Offshore wells aren't cheap: Those envisioned in
Cuban waters will cost $40 million to $50 million, says Pinon, the
former oil executive now affiliated with the University of Miami's
Institute for Cuban and Cuban-American Studies. "This is a very
high-risk, high-reward area," R.S. Butola, managing director of India's
ONGC, said on the company's website.
Since 1981, the U.S. has observed a moratorium
on coastal drilling, except for a portion of the Gulf of Mexico and
limited areas off of Alaska. The drilling ban was enacted after a
series of high-profile oil industry environmental disasters. Perhaps
the most notorious: the 1969 Santa Barbara spill that released 3
million gallons of oil in waters off of California, coating 35 miles of
coastline with oil up to 6 inches thick.
...
One year ago, a U.S.-Cuba Energy Summit attracted representatives from
Exxon and a handful of smaller oil service companies to three days of
meetings in Mexico City. Attendees viewed PowerPoint presentations from
Cuban government ministries including state-owned oil company Cupet
that invited American companies to help exploit "several giant oil and
gas fields."
...
For now, any U.S. involvement remains only
hypothetical. Houston oilman Antonio Szabo, president of Stone Bond
Technologies, says U.S. companies likely would require greater
transparency, a commitment to the rule of law and market economics in
Cuba before investing significant money there.
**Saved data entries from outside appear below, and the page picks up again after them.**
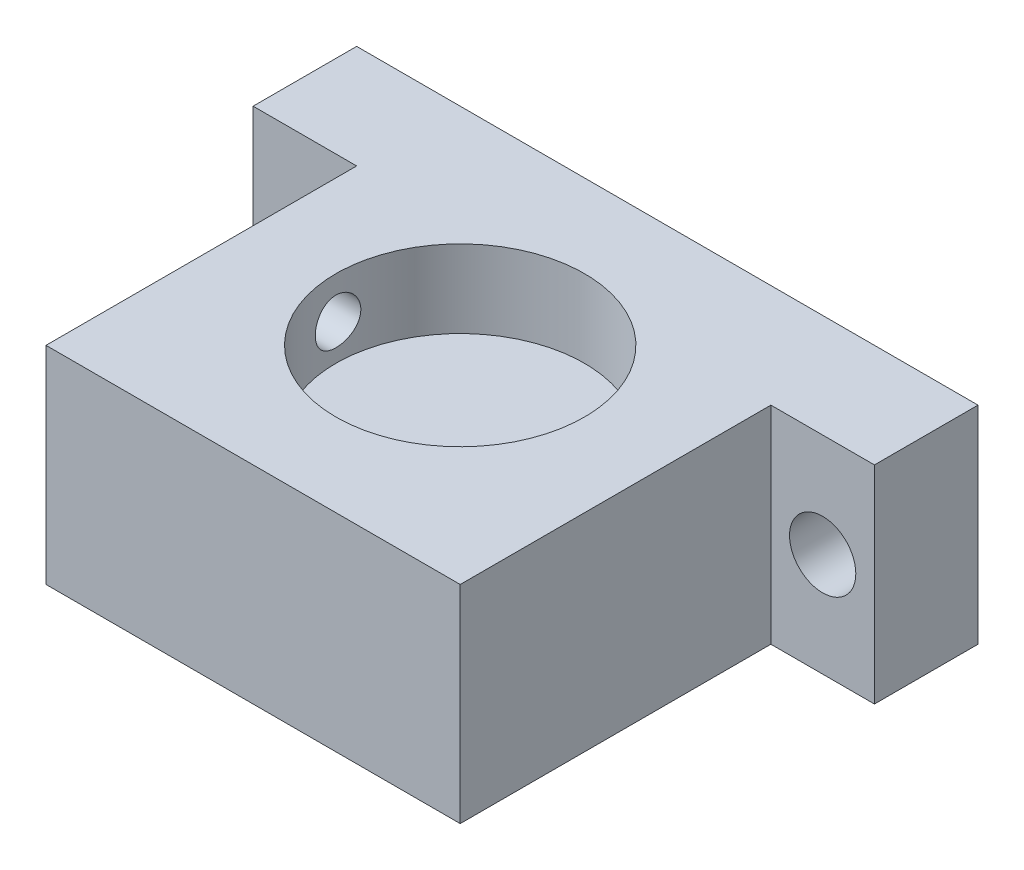
ISO-10303-21;
HEADER;
FILE_DESCRIPTION(('STEP AP214'),'2;1');
FILE_NAME('part.step','',(''),(''),'','','');
FILE_SCHEMA(('AUTOMOTIVE_DESIGN { 1 0 10303 214 1 1 1 1 }'));
ENDSEC;
DATA;
#1=APPLICATION_CONTEXT('core data for automotive mechanical design processes');
#2=APPLICATION_PROTOCOL_DEFINITION('international standard','automotive_design',2000,#1);
#3=PRODUCT_CONTEXT('',#1,'mechanical');
#4=PRODUCT('Part','Part','',(#3));
#5=PRODUCT_RELATED_PRODUCT_CATEGORY('part','',(#4));
#6=PRODUCT_DEFINITION_FORMATION('','',#4);
#7=PRODUCT_DEFINITION_CONTEXT('part definition',#1,'design');
#8=PRODUCT_DEFINITION('design','',#6,#7);
#9=PRODUCT_DEFINITION_SHAPE('','',#8);
#10=(LENGTH_UNIT() NAMED_UNIT(*) SI_UNIT(.MILLI.,.METRE.));
#11=(NAMED_UNIT(*) PLANE_ANGLE_UNIT() SI_UNIT($,.RADIAN.));
#12=(NAMED_UNIT(*) SI_UNIT($,.STERADIAN.) SOLID_ANGLE_UNIT());
#13=UNCERTAINTY_MEASURE_WITH_UNIT(LENGTH_MEASURE(1.E-05),#10,'distance_accuracy_value','');
#14=(GEOMETRIC_REPRESENTATION_CONTEXT(3) GLOBAL_UNCERTAINTY_ASSIGNED_CONTEXT((#13)) GLOBAL_UNIT_ASSIGNED_CONTEXT((#10,
#11,#12)) REPRESENTATION_CONTEXT('',''));
#15=CARTESIAN_POINT('',(0.,0.,0.));
#16=DIRECTION('',(0.,0.,1.));
#17=DIRECTION('',(1.,0.,0.));
#18=AXIS2_PLACEMENT_3D('',#15,#16,#17);
#19=CARTESIAN_POINT('',(0.,10.,0.));
#20=DIRECTION('',(-1.,0.,0.));
#21=DIRECTION('',(0.,0.,1.));
#22=AXIS2_PLACEMENT_3D('',#19,#20,#21);
#23=PLANE('',#22);
#24=CARTESIAN_POINT('',(0.,8.,-10.));
#25=DIRECTION('',(-1.,0.,0.));
#26=DIRECTION('',(0.,0.,1.));
#27=AXIS2_PLACEMENT_3D('',#24,#25,#26);
#28=CIRCLE('',#27,1.1);
#29=CARTESIAN_POINT('',(0.,8.,-8.9));
#30=VERTEX_POINT('',#29);
#31=EDGE_CURVE('E191',#30,#30,#28,.T.);
#32=ORIENTED_EDGE('',*,*,#31,.F.);
#33=EDGE_LOOP('',(#32));
#34=FACE_BOUND('',#33,.T.);
#35=DIRECTION('',(0.,0.,-1.));
#36=VECTOR('',#35,1.);
#37=CARTESIAN_POINT('',(0.,10.,0.));
#38=LINE('',#37,#36);
#39=CARTESIAN_POINT('',(0.,10.,0.));
#40=VERTEX_POINT('',#39);
#41=CARTESIAN_POINT('',(0.,10.,-15.));
#42=VERTEX_POINT('',#41);
#43=EDGE_CURVE('E266',#40,#42,#38,.T.);
#44=ORIENTED_EDGE('',*,*,#43,.T.);
#45=DIRECTION('',(0.,-1.,0.));
#46=VECTOR('',#45,1.);
#47=CARTESIAN_POINT('',(0.,10.,-15.));
#48=LINE('',#47,#46);
#49=CARTESIAN_POINT('',(0.,0.,-15.));
#50=VERTEX_POINT('',#49);
#51=EDGE_CURVE('E131',#42,#50,#48,.T.);
#52=ORIENTED_EDGE('',*,*,#51,.T.);
#53=DIRECTION('',(0.,0.,-1.));
#54=VECTOR('',#53,1.);
#55=CARTESIAN_POINT('',(0.,0.,0.));
#56=LINE('',#55,#54);
#57=CARTESIAN_POINT('',(0.,0.,0.));
#58=VERTEX_POINT('',#57);
#59=EDGE_CURVE('E120',#58,#50,#56,.T.);
#60=ORIENTED_EDGE('',*,*,#59,.F.);
#61=DIRECTION('',(0.,-1.,0.));
#62=VECTOR('',#61,1.);
#63=CARTESIAN_POINT('',(0.,10.,0.));
#64=LINE('',#63,#62);
#65=EDGE_CURVE('E50',#40,#58,#64,.T.);
#66=ORIENTED_EDGE('',*,*,#65,.F.);
#67=EDGE_LOOP('',(#44,#52,#60,#66));
#68=FACE_BOUND('',#67,.T.);
#69=ADVANCED_FACE('F41',(#34,#68),#23,.T.);
#70=CARTESIAN_POINT('',(20.,10.,0.));
#71=DIRECTION('',(-1.,0.,0.));
#72=DIRECTION('',(0.,0.,1.));
#73=AXIS2_PLACEMENT_3D('',#70,#71,#72);
#74=PLANE('',#73);
#75=DIRECTION('',(0.,-1.,0.));
#76=VECTOR('',#75,1.);
#77=CARTESIAN_POINT('',(20.,10.,-15.));
#78=LINE('',#77,#76);
#79=CARTESIAN_POINT('',(20.,10.,-15.));
#80=VERTEX_POINT('',#79);
#81=CARTESIAN_POINT('',(20.,0.,-15.));
#82=VERTEX_POINT('',#81);
#83=EDGE_CURVE('E65',#80,#82,#78,.T.);
#84=ORIENTED_EDGE('',*,*,#83,.F.);
#85=DIRECTION('',(0.,0.,-1.));
#86=VECTOR('',#85,1.);
#87=CARTESIAN_POINT('',(20.,10.,0.));
#88=LINE('',#87,#86);
#89=CARTESIAN_POINT('',(20.,10.,0.));
#90=VERTEX_POINT('',#89);
#91=EDGE_CURVE('E256',#90,#80,#88,.T.);
#92=ORIENTED_EDGE('',*,*,#91,.F.);
#93=DIRECTION('',(0.,-1.,0.));
#94=VECTOR('',#93,1.);
#95=CARTESIAN_POINT('',(20.,10.,0.));
#96=LINE('',#95,#94);
#97=CARTESIAN_POINT('',(20.,0.,0.));
#98=VERTEX_POINT('',#97);
#99=EDGE_CURVE('E11',#90,#98,#96,.T.);
#100=ORIENTED_EDGE('',*,*,#99,.T.);
#101=DIRECTION('',(0.,0.,-1.));
#102=VECTOR('',#101,1.);
#103=CARTESIAN_POINT('',(20.,0.,0.));
#104=LINE('',#103,#102);
#105=EDGE_CURVE('E121',#98,#82,#104,.T.);
#106=ORIENTED_EDGE('',*,*,#105,.T.);
#107=EDGE_LOOP('',(#84,#92,#100,#106));
#108=FACE_BOUND('',#107,.T.);
#109=ADVANCED_FACE('F224',(#108),#74,.F.);
#110=CARTESIAN_POINT('',(0.,10.,0.));
#111=DIRECTION('',(0.,0.,-1.));
#112=DIRECTION('',(-1.,0.,0.));
#113=AXIS2_PLACEMENT_3D('',#110,#111,#112);
#114=PLANE('',#113);
#115=DIRECTION('',(1.,0.,0.));
#116=VECTOR('',#115,1.);
#117=CARTESIAN_POINT('',(0.,0.,0.));
#118=LINE('',#117,#116);
#119=EDGE_CURVE('E274',#58,#98,#118,.T.);
#120=ORIENTED_EDGE('',*,*,#119,.T.);
#121=ORIENTED_EDGE('',*,*,#99,.F.);
#122=DIRECTION('',(1.,0.,0.));
#123=VECTOR('',#122,1.);
#124=CARTESIAN_POINT('',(0.,10.,0.));
#125=LINE('',#124,#123);
#126=EDGE_CURVE('E259',#40,#90,#125,.T.);
#127=ORIENTED_EDGE('',*,*,#126,.F.);
#128=ORIENTED_EDGE('',*,*,#65,.T.);
#129=EDGE_LOOP('',(#120,#121,#127,#128));
#130=FACE_BOUND('',#129,.T.);
#131=ADVANCED_FACE('F43',(#130),#114,.F.);
#132=CARTESIAN_POINT('',(0.,10.,-20.));
#133=DIRECTION('',(0.,0.,-1.));
#134=DIRECTION('',(-1.,0.,0.));
#135=AXIS2_PLACEMENT_3D('',#132,#133,#134);
#136=PLANE('',#135);
#137=CARTESIAN_POINT('',(-2.5,5.,-20.));
#138=DIRECTION('',(0.,0.,-1.));
#139=DIRECTION('',(-1.,0.,0.));
#140=AXIS2_PLACEMENT_3D('',#137,#138,#139);
#141=CIRCLE('',#140,1.6);
#142=CARTESIAN_POINT('',(-4.1,5.,-20.));
#143=VERTEX_POINT('',#142);
#144=EDGE_CURVE('E148',#143,#143,#141,.T.);
#145=ORIENTED_EDGE('',*,*,#144,.F.);
#146=EDGE_LOOP('',(#145));
#147=FACE_BOUND('',#146,.T.);
#148=CARTESIAN_POINT('',(22.5,5.,-20.));
#149=DIRECTION('',(0.,0.,1.));
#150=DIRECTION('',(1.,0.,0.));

Some in the oil industry also have long memories
when it comes to Cuba. At the 1997 World Petroleum Congress in Beijing,
a Cuban official approached Lee Raymond, then Exxon's chief executive,
and asked in a jocular tone when the U.S. oil giant might return to
Cuba. "When you give us back our (expletive) refinery," Raymond growled.
Cuban officials note they already have willing
partners from Canada, Spain, Norway, Brazil, India, Malaysia, Venezuela
and China. Rodriguez made clear that the United States has no veto over
Cuba's oil plans.
"Everyone knows how advanced is American
technology," the Cuban diplomat said. "But we are going to continue
with our programs — with American companies or without American
companies."
That's all I got. If you've read this far then you have more than enough to show your Republican acquaintances how they're once again living in the past, bleating outdated false information and itching to put scarce expensive deep sea oil rigs in a hurricane alley where not so incidentally the chances of finding a motherload of sweet crude aren't very good.
The fact is all that's keeping US oil companies from exploring Cuban offshore oil fields outside our territorial waters is our embargo against Cuba and that it's an unlikely bet that a big find is anywhere near Cuba. Like Esser the director of global oil and
gas resources at Cambridge Energy Research Associates says any good stuff in the Gulf is probably closer to the US and Mexico than Cuba.